Source data

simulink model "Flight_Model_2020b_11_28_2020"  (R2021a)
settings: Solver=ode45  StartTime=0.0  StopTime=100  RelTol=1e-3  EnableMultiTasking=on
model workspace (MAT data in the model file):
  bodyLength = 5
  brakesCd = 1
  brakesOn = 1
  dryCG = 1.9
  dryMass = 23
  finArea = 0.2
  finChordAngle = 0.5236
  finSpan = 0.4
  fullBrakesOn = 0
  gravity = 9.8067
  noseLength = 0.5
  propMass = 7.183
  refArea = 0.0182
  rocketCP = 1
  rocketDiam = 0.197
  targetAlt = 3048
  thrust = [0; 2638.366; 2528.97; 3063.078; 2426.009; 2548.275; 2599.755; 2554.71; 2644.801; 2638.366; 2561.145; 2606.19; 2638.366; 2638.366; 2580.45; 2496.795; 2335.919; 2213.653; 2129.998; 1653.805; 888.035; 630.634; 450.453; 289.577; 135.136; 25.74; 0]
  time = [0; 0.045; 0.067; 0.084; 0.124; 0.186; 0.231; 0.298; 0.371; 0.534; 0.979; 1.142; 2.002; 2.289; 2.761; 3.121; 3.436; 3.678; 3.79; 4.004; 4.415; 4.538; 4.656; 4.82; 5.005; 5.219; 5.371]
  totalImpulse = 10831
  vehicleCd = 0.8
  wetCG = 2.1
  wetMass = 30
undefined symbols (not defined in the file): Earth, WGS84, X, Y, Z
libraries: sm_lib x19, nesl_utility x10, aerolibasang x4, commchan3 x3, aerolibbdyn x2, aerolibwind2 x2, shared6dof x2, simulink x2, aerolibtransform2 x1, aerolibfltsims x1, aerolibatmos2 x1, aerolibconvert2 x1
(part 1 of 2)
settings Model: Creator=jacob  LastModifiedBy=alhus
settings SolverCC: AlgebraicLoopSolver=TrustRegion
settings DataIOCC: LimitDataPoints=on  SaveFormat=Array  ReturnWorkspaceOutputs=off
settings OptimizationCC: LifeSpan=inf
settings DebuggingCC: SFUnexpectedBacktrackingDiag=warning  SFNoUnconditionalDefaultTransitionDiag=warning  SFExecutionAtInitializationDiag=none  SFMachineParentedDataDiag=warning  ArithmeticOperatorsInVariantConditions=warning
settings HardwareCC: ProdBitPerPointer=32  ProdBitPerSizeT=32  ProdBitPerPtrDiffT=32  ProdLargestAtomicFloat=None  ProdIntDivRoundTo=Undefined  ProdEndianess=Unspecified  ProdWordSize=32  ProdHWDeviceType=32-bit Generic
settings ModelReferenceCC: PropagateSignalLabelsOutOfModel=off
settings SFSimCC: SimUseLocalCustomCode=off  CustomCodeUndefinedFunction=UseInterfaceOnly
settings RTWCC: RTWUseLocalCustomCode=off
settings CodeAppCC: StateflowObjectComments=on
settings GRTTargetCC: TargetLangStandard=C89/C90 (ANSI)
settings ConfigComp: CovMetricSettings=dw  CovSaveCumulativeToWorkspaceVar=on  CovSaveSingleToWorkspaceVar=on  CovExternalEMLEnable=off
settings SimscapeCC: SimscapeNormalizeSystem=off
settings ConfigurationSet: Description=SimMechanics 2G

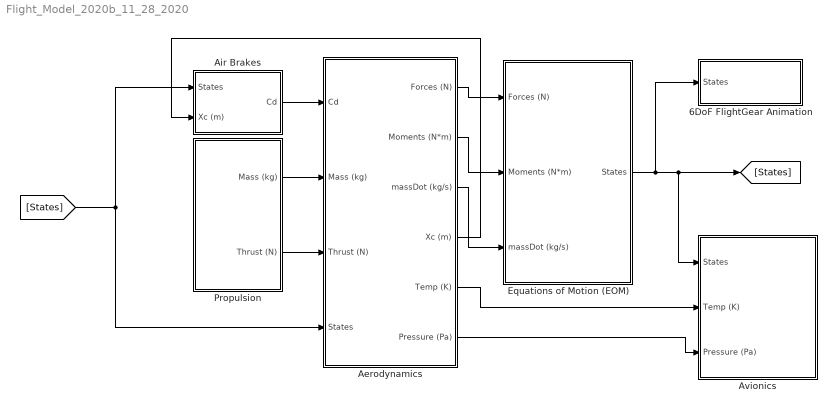
== system Flight_Model_2020b_11_28_2020 ==
  6DoF FlightGear Animation : Subsystem
  Aerodynamics : Subsystem
  Air Brakes : Subsystem
  Avionics : Subsystem
  Equations of Motion (EOM) : Subsystem
  Propulsion : Subsystem
  wires:
  Aerodynamics/1(Forces (N)) -> Equations of Motion (EOM)/1(Forces (N))
  Aerodynamics/2(Moments (N*m)) -> Equations of Motion (EOM)/2(Moments (N*m))
  Propulsion/1(Mass (kg)) -> Aerodynamics/2(Mass (kg))
  Propulsion/2(Thrust (N)) -> Aerodynamics/3(Thrust (N))
  Air Brakes/1("Cd ") -> Aerodynamics/1(Cd)
  Equations of Motion (EOM)/1(States) -> Avionics/1(States), [States], 6DoF FlightGear Animation/1(States)
  [States] -> Air Brakes/1(States), Aerodynamics/4(States)
  Aerodynamics/3(massDot (kg/s)) -> Equations of Motion (EOM)/3(massDot (kg/s))
  Aerodynamics/4(Xc (m)) -> Air Brakes/2(Xc (m))
  Aerodynamics/5(Temp (K)) -> Avionics/2(Temp (K))
  Aerodynamics/6(Pressure (Pa)) -> Avionics/3(Pressure (Pa))

== system Flight_Model_2020b_11_28_2020/6DoF FlightGear Animation ==
  States : Inport
  Bus Selector : BusSelector  OutputSignals=signal2,signal3
  Constant : Constant  Value=0
  Demux : Demux  Outputs=2
  Demux1 : Demux  Outputs=3
  Display : Display
  Display1 : Display
  Display2 : Display
  Flat Earth to LLA : aerolibtransform2/Flat Earth to LLA  units=Metric (MKS)  ptype=Earth (WGS84)  F=1/298.257223563  R=6378137  refPosPort=off  LL0=[0 10]  psi=0
  FlightGear Preconfigured 6DoF Animation : aerolibfltsims/FlightGear Preconfigured 6DoF Animation  xFlightGearVersion=v3.0  DestinationIpAddress=127.0.0.1  DestinationPort=5502  SampleTime=1/30  packetVersion=24
  Mux : Mux  Inputs=6
  wires:
  States/1 -> Bus Selector/1
  Constant/1 -> Flat Earth to LLA/2
  Mux/1 -> FlightGear Preconfigured 6DoF Animation/1
  Flat Earth to LLA/1 -> Demux/1
  Demux/1 -> Display1/1, Mux/2
  Demux/2 -> Display2/1, Mux/1
  Flat Earth to LLA/2 -> Display/1, Mux/3
  Demux1/2 -> Mux/5
  Demux1/3 -> Mux/6
  Demux1/1 -> Mux/4
  Bus Selector/1 -> Flat Earth to LLA/1  "<signal2>"
  Bus Selector/2 -> Demux1/1  "<signal3>"

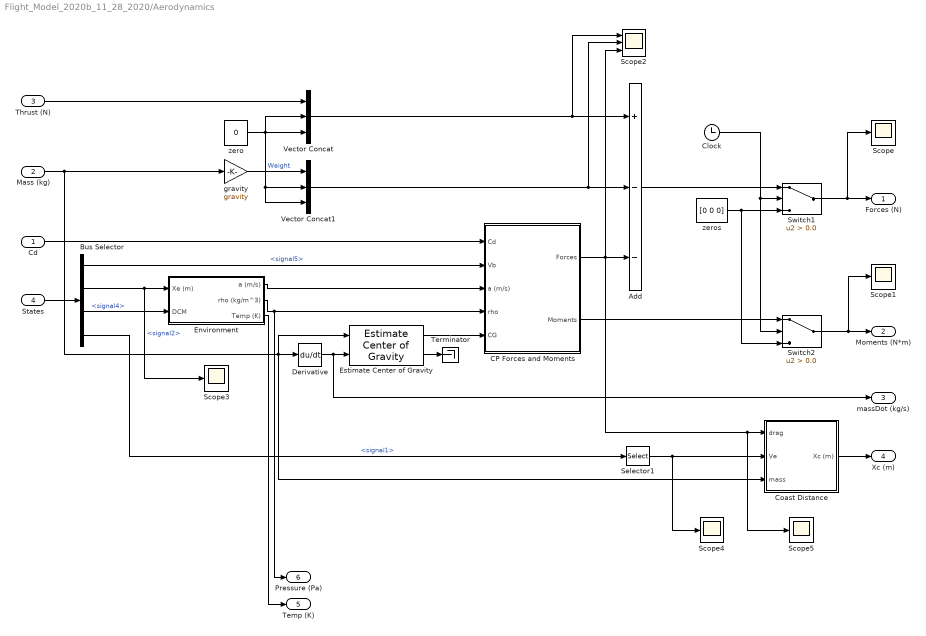
== system Flight_Model_2020b_11_28_2020/Aerodynamics ==
  Cd : Inport
  Mass (kg) : Inport  Port=2
  Thrust (N) : Inport  Port=3
  States : Inport  Port=4
  Add : Sum  Inputs=+--
  Bus Selector : BusSelector  OutputSignals=signal5,signal2,signal4,signal1
  CP Forces and Moments : Subsystem
  Clock : Clock
  Coast Distance : Subsystem
  Derivative : Derivative
  Environment : Subsystem
  Estimate Center of Gravity : aerolibbdyn/Estimate Center of Gravity  fmass=wetMass  emass=dryMass  fcg=[wetCG 0 0]'  ecg=[dryCG 0 0]'
      settings: SourceProductBaseCode=AE
  Scope{,1,3..5} (5 alike) : Scope
  Scope2 : Scope  NumInputPorts=3
  Selector1 : Selector  InputPortWidth=3  IndexOptions=Index vector (dialog)  Indices=1  OutputSizes=1
  Switch1 : Switch  Criteria=u2 > Threshold  Threshold=0.0
  Switch2 : Switch  Criteria=u2 > Threshold  Threshold=0.0
  Terminator : Terminator
  Vector Concat : Concatenate  NumInputs=3
  Vector Concat1 : Concatenate  NumInputs=3
  gravity : Gain  Gain=gravity
  "zero " : Constant  Value=0
  "zeros " : Constant  Value=[0 0 0]
  Forces (N) : Outport
  Moments (N*m) : Outport  Port=2
  massDot (kg/s) : Outport  Port=3
  Xc (m) : Outport  Port=4
  Temp (K) : Outport  Port=5
  Pressure (Pa) : Outport  Port=6
  wires:
  Mass (kg)/1 -> Coast Distance/3(mass), Estimate Center of Gravity/1, Derivative/1, gravity/1
  Derivative/1 -> Estimate Center of Gravity/2, massDot (kg/s)/1
  Estimate Center of Gravity/2 -> Terminator/1
  Estimate Center of Gravity/1 -> CP Forces and Moments/5(CG)
  Cd/1 -> CP Forces and Moments/1(Cd)
  Environment/2(rho (kg/m^3)) -> Pressure (Pa)/1, CP Forces and Moments/4(rho)
  Add/1 -> Switch1/1
  Switch1/1 -> Scope/1, Forces (N)/1
  "zeros "/1 -> Switch2/3, Switch1/3
  Clock/1 -> Switch2/2, Switch1/2
  Switch2/1 -> Scope1/1, Moments (N*m)/1
  States/1 -> Bus Selector/1
  Environment/1(a (m/s)) -> CP Forces and Moments/3(a (m/s))
  Bus Selector/1 -> CP Forces and Moments/2(Vb)  "<signal5>"
  Bus Selector/2 -> Environment/1(Xe (m)), Scope3/1  "<signal2>"
  Bus Selector/3 -> Environment/2(DCM)  "<signal4>"
  "zero "/1 -> Vector Concat/2, Vector Concat/3, Vector Concat1/2, Vector Concat1/3
  Thrust (N)/1 -> Vector Concat/1
  Vector Concat/1 -> Scope2/1, Add/1
  Vector Concat1/1 -> Scope2/2, Add/2
  CP Forces and Moments/2(Moments) -> Switch2/1
  gravity/1 -> Vector Concat1/1  "Weight"
  CP Forces and Moments/1(Forces) -> Scope5/1, Coast Distance/1(drag), Add/3, Scope2/3
  Bus Selector/4 -> Selector1/1  "<signal1>"
  Coast Distance/1(Xc (m)) -> Xc (m)/1
  Selector1/1 -> Coast Distance/2(Ve), Scope4/1
  Environment/3(Temp (K)) -> Temp (K)/1

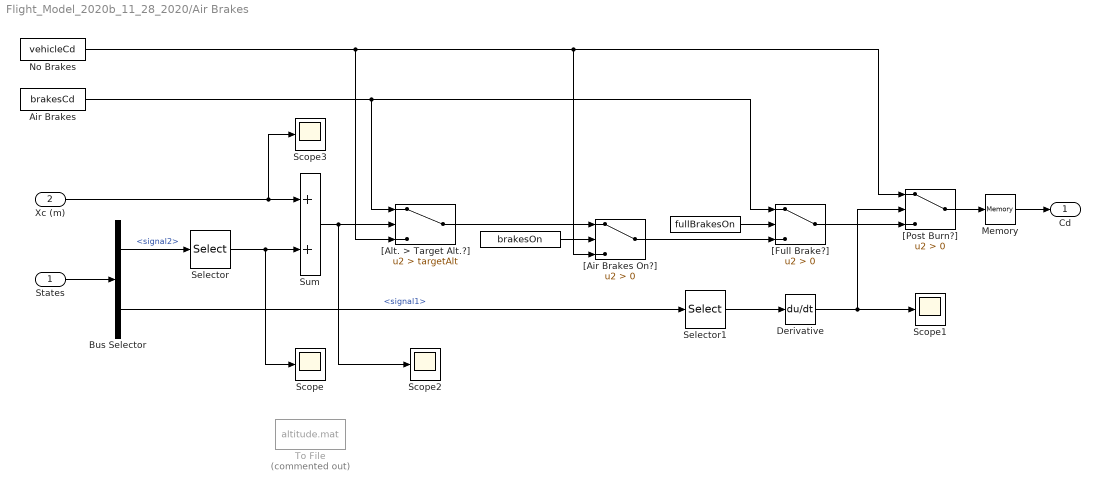
== system Flight_Model_2020b_11_28_2020/Air Brakes ==
  States : Inport
  Xc (m) : Inport  Port=2
  " " : Constant  Value=fullBrakesOn
  "  " : Constant  Value=brakesOn
  Air Brakes : Constant  Value=brakesCd
  Bus Selector : BusSelector  OutputSignals=signal2,signal1
  Derivative : Derivative
  Memory : Memory
  No Brakes : Constant  Value=vehicleCd
  Scope{,1..3} (4 alike) : Scope
  "Selector " : Selector  InputPortWidth=3  IndexOptions=Index vector (dialog)  Indices=1  OutputSizes=1
  Selector1 : Selector  InputPortWidth=3  IndexOptions=Index vector (dialog)  Indices=1  OutputSizes=1
  Sum : Sum
  To File : ToFile  Commented=on  Filename=altitude.mat  SaveFormat=Timeseries
  "[Air Brakes On?]" : Switch  Description=[Air Brakes On?]  Criteria=u2 > Threshold
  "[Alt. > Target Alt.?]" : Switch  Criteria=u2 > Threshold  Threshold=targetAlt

Required work
Copy out, word for word, the part of the entries above that begins at the line with "Mass (kg) : Inport" and ends at the line with "Vector Concat : Concatenate", including both.

Exercise result
  Mass (kg) : Inport  Port=2
  Thrust (N) : Inport  Port=3
  States : Inport  Port=4
  Add : Sum  Inputs=+--
  Bus Selector : BusSelector  OutputSignals=signal5,signal2,signal4,signal1
  CP Forces and Moments : Subsystem
  Clock : Clock
  Coast Distance : Subsystem
  Derivative : Derivative
  Environment : Subsystem
  Estimate Center of Gravity : aerolibbdyn/Estimate Center of Gravity  fmass=wetMass  emass=dryMass  fcg=[wetCG 0 0]'  ecg=[dryCG 0 0]'
      settings: SourceProductBaseCode=AE
  Scope{,1,3..5} (5 alike) : Scope
  Scope2 : Scope  NumInputPorts=3
  Selector1 : Selector  InputPortWidth=3  IndexOptions=Index vector (dialog)  Indices=1  OutputSizes=1
  Switch1 : Switch  Criteria=u2 > Threshold  Threshold=0.0
  Switch2 : Switch  Criteria=u2 > Threshold  Threshold=0.0
  Terminator : Terminator
  Vector Concat : Concatenate  NumInputs=3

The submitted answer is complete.